Quickstart Guide
This guide will help you get started with the basics of using ServerlessLLM. Please make sure you have installed the ServerlessLLM following the installation guide.
Run ServerlessLLM on your local machine
First, let's start a local ray cluster to run ServerlessLLM. You can start a local ray cluster by running the following command:
Start a local ray cluster with 1 head node and 1 worker node:
conda activate sllm
ray start --head --port=6379 --num-cpus=4 --num-gpus=0 \
--resources='{"control_node": 1}' --block
In a new terminal, start the worker node:
conda activate sllm-worker
export CUDA_VISIBLE_DEVICES=0
ray start --address=0.0.0.0:6379 --num-cpus=4 --num-gpus=1 \
--resources='{"worker_node": 1, "worker_id_0": 1}' --block
And start ServerlessLLM Store server. This server will use ./models
as the storage path by default.
conda activate sllm-worker
export CUDA_VISIBLE_DEVICES=0
sllm-store-server
Expected output:
$ sllm-store-server
Run server...
WARNING: Logging before InitGoogleLogging() is written to STDERR
I20241111 16:34:14.856642 467195 server.cpp:333] Log directory already exists.
I20241111 16:34:14.897728 467195 checkpoint_store.cpp:41] Number of GPUs: 1
I20241111 16:34:14.897949 467195 checkpoint_store.cpp:43] I/O threads: 4, chunk size: 32MB
I20241111 16:34:14.897960 467195 checkpoint_store.cpp:45] Storage path: "./models/"
I20241111 16:34:14.972811 467195 checkpoint_store.cpp:71] GPU 0 UUID: c9938b31-33b0-e02f-24c5-88bd6fbe19ad
I20241111 16:34:14.972856 467195 pinned_memory_pool.cpp:29] Creating PinnedMemoryPool with 128 buffers of 33554432 bytes
I20241111 16:34:16.449775 467195 checkpoint_store.cpp:83] Memory pool created with 4GB
I20241111 16:34:16.462957 467195 server.cpp:306] Server listening on 0.0.0.0:8073
Now, let’s start ServerlessLLM.
First, in another new terminal, start ServerlessLLM Serve (i.e., sllm-serve
)
conda activate sllm
sllm-serve start
Everything is set!
Now you have opened 4 terminals: started a local ray cluster(head node and worker node), started the ServerlessLLM Serve, and started the ServerlessLLM Store server.

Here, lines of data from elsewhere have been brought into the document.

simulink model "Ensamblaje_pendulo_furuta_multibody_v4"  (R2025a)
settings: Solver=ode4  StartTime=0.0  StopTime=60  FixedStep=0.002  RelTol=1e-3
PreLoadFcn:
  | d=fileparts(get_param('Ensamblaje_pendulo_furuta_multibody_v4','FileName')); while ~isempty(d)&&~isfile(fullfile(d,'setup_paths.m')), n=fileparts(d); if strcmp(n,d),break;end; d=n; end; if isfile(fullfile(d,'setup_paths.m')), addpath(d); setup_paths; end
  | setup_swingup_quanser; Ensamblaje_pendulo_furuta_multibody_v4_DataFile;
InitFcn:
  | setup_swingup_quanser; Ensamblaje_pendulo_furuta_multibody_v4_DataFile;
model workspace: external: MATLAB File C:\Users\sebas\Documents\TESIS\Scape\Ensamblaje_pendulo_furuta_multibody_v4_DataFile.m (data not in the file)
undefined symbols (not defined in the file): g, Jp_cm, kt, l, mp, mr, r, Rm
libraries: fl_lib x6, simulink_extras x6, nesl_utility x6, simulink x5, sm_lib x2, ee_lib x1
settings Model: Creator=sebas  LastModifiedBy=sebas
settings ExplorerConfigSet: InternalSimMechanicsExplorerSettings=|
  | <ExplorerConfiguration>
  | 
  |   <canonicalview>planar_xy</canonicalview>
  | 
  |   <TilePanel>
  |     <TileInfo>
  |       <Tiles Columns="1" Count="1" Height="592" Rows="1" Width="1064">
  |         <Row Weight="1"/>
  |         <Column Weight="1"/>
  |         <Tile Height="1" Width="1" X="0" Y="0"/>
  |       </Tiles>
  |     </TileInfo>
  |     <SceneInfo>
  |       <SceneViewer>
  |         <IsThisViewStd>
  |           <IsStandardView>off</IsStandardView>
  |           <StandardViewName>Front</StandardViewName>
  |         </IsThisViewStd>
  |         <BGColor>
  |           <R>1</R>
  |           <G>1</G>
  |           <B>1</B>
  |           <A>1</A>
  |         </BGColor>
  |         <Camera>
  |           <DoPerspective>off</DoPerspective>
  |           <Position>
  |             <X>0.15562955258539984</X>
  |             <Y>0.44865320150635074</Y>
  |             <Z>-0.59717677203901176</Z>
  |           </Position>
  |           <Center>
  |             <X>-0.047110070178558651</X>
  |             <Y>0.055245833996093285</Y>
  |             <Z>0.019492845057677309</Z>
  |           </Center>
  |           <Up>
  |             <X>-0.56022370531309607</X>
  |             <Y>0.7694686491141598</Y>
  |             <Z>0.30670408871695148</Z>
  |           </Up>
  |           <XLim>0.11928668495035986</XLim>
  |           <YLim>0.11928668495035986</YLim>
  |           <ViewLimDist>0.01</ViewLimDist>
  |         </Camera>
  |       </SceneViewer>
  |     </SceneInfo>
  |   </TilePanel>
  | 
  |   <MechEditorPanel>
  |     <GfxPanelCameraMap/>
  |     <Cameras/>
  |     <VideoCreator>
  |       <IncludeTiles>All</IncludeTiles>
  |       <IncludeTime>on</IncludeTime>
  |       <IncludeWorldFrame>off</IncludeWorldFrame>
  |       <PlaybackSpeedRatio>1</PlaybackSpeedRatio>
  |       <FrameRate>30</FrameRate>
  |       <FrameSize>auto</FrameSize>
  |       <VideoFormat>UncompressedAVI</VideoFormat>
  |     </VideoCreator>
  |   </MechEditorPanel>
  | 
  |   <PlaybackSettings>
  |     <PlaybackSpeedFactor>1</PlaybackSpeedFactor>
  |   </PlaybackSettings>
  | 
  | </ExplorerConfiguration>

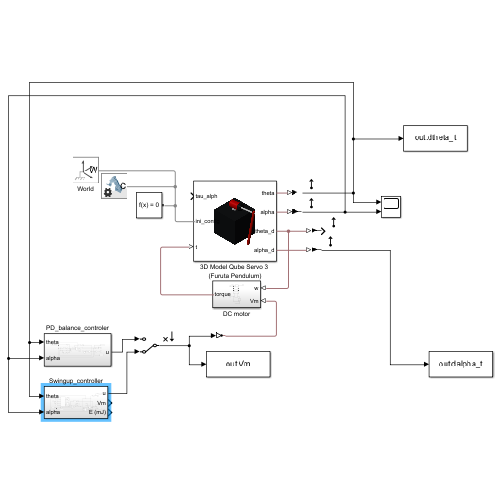
[thumbnail: Simulink's stored preview of the top-level diagram]
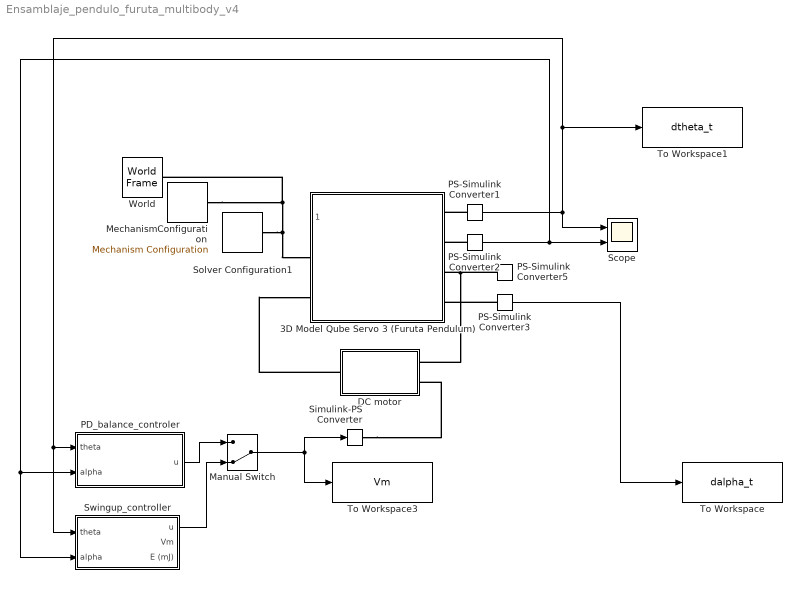
== system Ensamblaje_pendulo_furuta_multibody_v4 ==
  3D Model Qube Servo 3 (Furuta Pendulum) : Subsystem  ReferencedSubsystem=Model3d_Furuta_Pendulum
      settings: PortSchema="{\"entries\":[{\"content\":{\"sides\":[{\"content\":{\"connectorIds\":[\"In1\",\"LConn1\",\"RConn1\"]},\"type\":\"ConnectorPlacement.EquallySpacedRectSide\",\"uuid\":\"a4687828-c9dc-4620-89f9-70fc520029b1\"},{\"content\":{\"connectorIds\":[\"RConn2\",\"RConn3\",\"RConn4\",\"RConn5\"],\"side\":\"RIGHT\"},\"type\":\"ConnectorPlacement.EquallySpacedRectSide\",\"uuid\":\"21a6a3f8-f9ca-4875-ad02-4f645e066fb2\"},{\"content\":{\"side\":\"TOP\"},\"type\":\"ConnectorPlacement.EquallySpacedRectSide\",\"uuid\":\"b064abef-f9ef-4dd8-a3db-595c6ba7d55c\"}]},\"type\":\"ConnectorPlacement.EquallySpacedConnector\",\"uuid\":\"310dfd22-cc79-4c6a-8ca3-9ebbca52c939\"}],\"packageUris\":[\"http://schema.mathworks.com/mf0/Connector/R2020b\"],\"version\":\"1.0\"}"
  DC motor : Subsystem
  Manual Switch : ManualSwitch  CurrentSetting=0
  MechanismConfiguration : sm_lib/Utilities/Mechanism Configuration  UniformGravity=Constant  GravityVector=[0 -9.7807 0]  GravityVectorUnits=m/s^2  LinearizationDelta=0.001  JointModeTransitionNonlinearIterations=2
  PD_balance_controler : Subsystem
  PS-Simulink Converter{1..3,5} (4 alike) : nesl_utility/PS-Simulink Converter  PhysicalDomain=network_engine_domain  SubClassName=ps_output  LeftPortType=input  RightPortType=output  PseudoPeriodic=off  Frequencies=[]  VectorFormat=inherit  Unit=inherit  AffineConversion=off
  Scope : Scope  NumInputPorts=2
      settings: ActiveDisplayYMinimum=-3.5242766671548265  ActiveDisplayYMaximum=3.8832561693672929  DataLoggingVariableName=ScopeData8
  Simulink-PS Converter : nesl_utility/Simulink-PS Converter  PhysicalDomain=network_engine_domain  SubClassName=ps_input  LeftPortType=input  RightPortType=output  PseudoPeriodic=off  Frequencies=[]  NoiseDistribution=none  NoiseParameters=[]  Unit=1  AffineConversion=off  FilteringAndDerivatives=filter  SimscapeFilterOrder=1  InputFilterTimeConstant=0.001  UdotUserProvided=0
  Solver Configuration1 : nesl_utility/Solver Configuration  PhysicalDomain=network_engine_domain  SubClassName=solver  LeftPortType=input  RightPortType=generic  Tones=[]  Harmonics=[]  SimulateNoise=off  Profile=off  UseLocalSampling=off  EnableSwitchedLinearOptims=on  FrequencyDomain=off  UseCCode=off  RelTol=0.001  AbsTol=0.001  MinStep=1e-09  ToWorkspace=off  RevertToSquareIcSolve=off  NumHomotopyIterations=100  PhasorMode=off  PhasorModeNumHarmonics=1  ConsistencySolver=NEWTON_XTOL_AFTER_FTOL  IndexReductionMethod=DerivativeReplacement  DoDC=off  ResidualTolerance=1e-09  ConsistencyTolSource=GLOBAL  ConsistencyAbsTol=0.001  ConsistencyRelTol=0.001  ConsistencyTolFactor=1e-9  UseLocalSolver=on  LocalSolverChoice=NE_BACKWARD_EULER_ADVANCER  ResolveIndetEquations=on  FunctionEvalNumThread=1  LocalSolverSampleTime=0.002  DoFixedCost=on  MaxNonlinIter=5  MaxModeIter=2  ComputeImpulses=on  ImpulseIterations=2  LinearAlgebra=auto  LinearAlgebraNumThread=0  EquationFormulation=NE_TIME_EF  DelaysMemoryBudget=1024  AutomaticFiltering=on  FilteringTimeConstant=0.001  PartitionStorageMethod=AS_NEEDED  PartitionMemoryBudget=1024  PartitionMethod=ROBUST  MultibodyUseLocalSolver=off  MultibodyLocalSolverChoice=ODE1  MultibodyLocalSolverSampleTime=0.002
  Swingup_controller : Subsystem
  To Workspace : ToWorkspace  VariableName=dalpha_t  SampleTime=-1
  To Workspace1 : ToWorkspace  VariableName=dtheta_t  SampleTime=-1
  To Workspace3 : ToWorkspace  VariableName=Vm  SampleTime=-1
  World : sm_lib/Frames and Transforms/World Frame
  wires:
  PD_balance_controler/1(u) -> Manual Switch/1
  Manual Switch/1 -> Simulink-PS Converter/1, To Workspace3/1
  PS-Simulink Converter2/1 -> Swingup_controller/2(alpha), PD_balance_controler/2(alpha), Scope/2
  PS-Simulink Converter1/1 -> To Workspace1/1, Swingup_controller/1(theta), PD_balance_controler/1(theta), Scope/1
  PS-Simulink Converter3/1 -> To Workspace/1
  Swingup_controller/1(u) -> Manual Switch/2
  connections:
  MechanismConfiguration/RConn1 -- Solver Configuration1/RConn1 -- 3D Model Qube Servo 3 (Furuta Pendulum)/LConn1 -- World/RConn1
  PS-Simulink Converter1/LConn1 -- 3D Model Qube Servo 3 (Furuta Pendulum)/RConn2
  PS-Simulink Converter2/LConn1 -- 3D Model Qube Servo 3 (Furuta Pendulum)/RConn3
  DC motor/LConn1 -- 3D Model Qube Servo 3 (Furuta Pendulum)/RConn1
  Simulink-PS Converter/RConn1 -- DC motor/RConn2
  PS-Simulink Converter3/LConn1 -- 3D Model Qube Servo 3 (Furuta Pendulum)/RConn5
  PS-Simulink Converter5/LConn1 -- DC motor/RConn1 -- 3D Model Qube Servo 3 (Furuta Pendulum)/RConn4

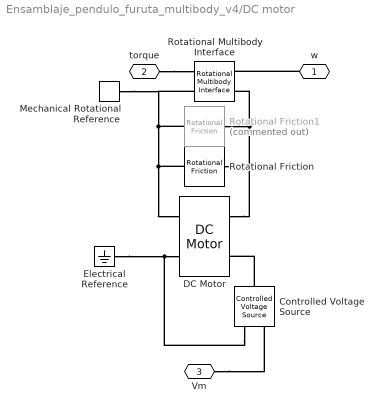
== system Ensamblaje_pendulo_furuta_multibody_v4/DC motor ==
  Controlled Voltage Source : fl_lib/Electrical/Electrical Sources/Controlled Voltage Source
  DC Motor : ee_lib/Electromechanical/Brushed Motors/DC Motor  field_option=ee.enum.field_option.pm  Rf=100 Ohm  Lf=1 H  Laf=0.15 H  If0=0 A  parameterization=ee.enum.dcparam_option.circuit_param  Ra=7.5 Ohm  La=1.15e-3 H  emf_or_torque=ee.enum.emf_or_torque.kv  Kv=0.0422 V*s/rad  Ki=0.0422 N*m/A  T_stall=0.24e-3 N*m  w_max=5400 rpm  w_rated=4579 rpm  P_rated=9.8 W  V_rated=24 V  lam_param=ee.enum.lam_param.damping  i_noload=16 mA  V_i_noload=24 V  J=1.4e-6 kg*m^2  lam=1*4.8390e-6 N*m*s/rad  speed0=0 rpm  alpha=3.93e-3 1/K  Tmeas=25 degC  thermal_mass=100 J/K  initial_temperature=25 degC
  Electrical Reference : fl_lib/Electrical/Electrical Elements/Electrical Reference
  Mechanical Rotational Reference : fl_lib/Mechanical/Rotational Elements/Mechanical Rotational Reference
  Rotational Friction : fl_lib/Mechanical/Rotational Elements/Rotational Friction  brkwy_trq=1*2.910555e-05+1*4.081637e-05 N*m  brkwy_vel=1.082312e-02 rad/s  Col_trq=2.910555e-05 N*m  visc_coef=4.321929e-06 N*m*s/rad  w_specify=off  w_priority=None  w=0 rad/s  w_nominal_specify=off  w_nominal_value=1  w_nominal_unit=rad/s  t_specify=off  t_priority=None  t=0 N*m  t_nominal_specify=off  t_nominal_value=1  t_nominal_unit=N*m
  Rotational Friction1 : fl_lib/Mechanical/Rotational Elements/Rotational Friction  Commented=on  brkwy_trq=7.066e-04 N*m  brkwy_vel=0.1 rad/s  Col_trq=7.066e-09 N*m  visc_coef=0 N*m*s/rad  w_specify=off  w_priority=None  w=0 rad/s  w_nominal_specify=off  w_nominal_value=1  w_nominal_unit=rad/s  t_specify=off  t_priority=None  t=0 N*m  t_nominal_specify=off  t_nominal_value=1  t_nominal_unit=N*m
  Rotational Multibody Interface : fl_lib/Mechanical/Multibody Interfaces/Rotational Multibody Interface
  w : PMIOPort  Side=Right
  torque : PMIOPort  Port=2  Side=Left
  Vm : PMIOPort  Port=3  Side=Right
  connections:
  Rotational Friction/LConn1 -- DC Motor/LConn2 -- Rotational Friction1/LConn1 -- Rotational Multibody Interface/RConn2
  torque/RConn1 -- Rotational Multibody Interface/LConn1
  Rotational Friction/RConn1 -- Rotational Friction1/RConn1 -- Rotational Multibody Interface/LConn2 -- Mechanical Rotational Reference/LConn1 -- DC Motor/RConn2
  Vm/RConn1 -- Controlled Voltage Source/RConn1
  w/RConn1 -- Rotational Multibody Interface/RConn1
  DC Motor/RConn1 -- Electrical Reference/LConn1 -- Controlled Voltage Source/RConn2
  Controlled Voltage Source/LConn1 -- DC Motor/LConn1

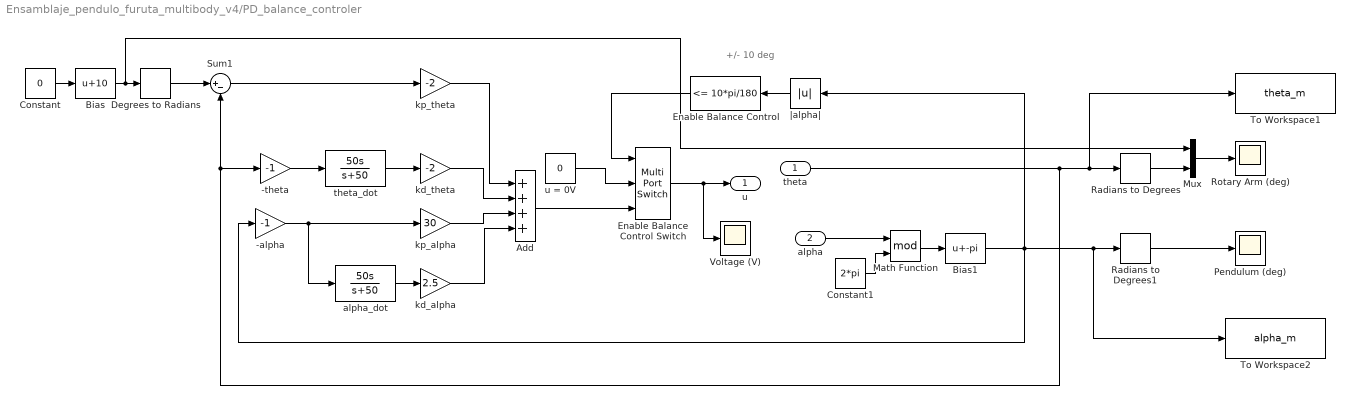
== system Ensamblaje_pendulo_furuta_multibody_v4/PD_balance_controler ==
  note: +/- 10 deg
  theta : Inport
  alpha : Inport  Port=2
  -alpha : Gain  Gain=-1
  -theta : Gain  Gain=-1
  Add : Sum  Inputs=++++
  Bias : Bias  Bias=10  SaturateOnIntegerOverflow=off
  Bias1 : Bias  Bias=-pi  SaturateOnIntegerOverflow=off
  Constant : Constant  Value=0
  Constant1 : Constant  Value=2*pi
  Degrees to Radians : simulink_extras/Transformations/Degrees to Radians
  Enable Balance Control : simulink/Logic and Bit Operations/Compare To Constant  relop=<=  const=10*pi/180  OutDataTypeStr=uint8  ZeroCross=off
  Enable Balance Control Switch : MultiPortSwitch  DataPortOrder=Zero-based contiguous  Inputs=2  zeroidx=on  SaturateOnIntegerOverflow=off  InputSameDT=off
  Math Function : Math  Operator=mod  SignedPower=on
  Mux : Mux  Inputs=2
  Pendulum (deg) : Scope
      settings: ActiveDisplayYMinimum=-1.7148524393471249  ActiveDisplayYMaximum=1.4022626573328889
  Radians to Degrees : simulink_extras/Transformations/Radians to Degrees
  Radians to Degrees1 : simulink_extras/Transformations/Radians to Degrees
  Rotary Arm (deg) : Scope
      settings: ActiveDisplayYMinimum=-20.263400075625345  ActiveDisplayYMaximum=153.53436969880661
  Sum1 : Sum  Inputs=|+-
  To Workspace1 : ToWorkspace  VariableName=theta_m  SampleTime=-1
  To Workspace2 : ToWorkspace  VariableName=alpha_m  SampleTime=-1
  Voltage (V) : Scope
      settings: ActiveDisplayYMinimum=-1  ActiveDisplayYMaximum=1  DataLoggingVariableName=ScopeData2
  alpha_dot : TransferFcn  Numerator=[50 0]  Denominator=[1 50]
  kd_alpha : Gain  Gain=2.5
  kd_theta : Gain  Gain=-2
  kp_alpha : Gain  Gain=30
  kp_theta : Gain  Gain=-2
  theta_dot : TransferFcn  Numerator=[50 0]  Denominator=[1 50]
  u = 0V : Constant  Value=0
  |alpha| : Abs  SaturateOnIntegerOverflow=off
  u : Outport
  wires:
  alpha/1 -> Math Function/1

Next, open another new terminal, let's deploy a model to the ServerlessLLM server. You can deploy a model by running the following command:
conda activate sllm
sllm-cli deploy --model facebook/opt-1.3b
This will download the model from HuggingFace, if you want load the model from local path, you can use config.json
, see here for details.
Now, you can query the model by any OpenAI API client. For example, you can use the following Python code to query the model:
curl http://127.0.0.1:8343/v1/chat/completions \
-H "Content-Type: application/json" \
-d '{
"model": "facebook/opt-1.3b",
"messages": [
{"role": "system", "content": "You are a helpful assistant."},
{"role": "user", "content": "What is your name?"}
]
}'
Expected output:
{"id":"chatcmpl-9f812a40-6b96-4ef9-8584-0b8149892cb9","object":"chat.completion","created":1720021153,"model":"facebook/opt-1.3b","choices":[{"index":0,"message":{"role":"assistant","content":"system: You are a helpful assistant.\nuser: What is your name?\nsystem: I am a helpful assistant.\n"},"logprobs":null,"finish_reason":"stop"}],"usage":{"prompt_tokens":16,"completion_tokens":26,"total_tokens":42}}
To delete a deployed model, use the following command:
sllm-cli delete facebook/opt-1.3b
This will remove the specified model from the ServerlessLLM server.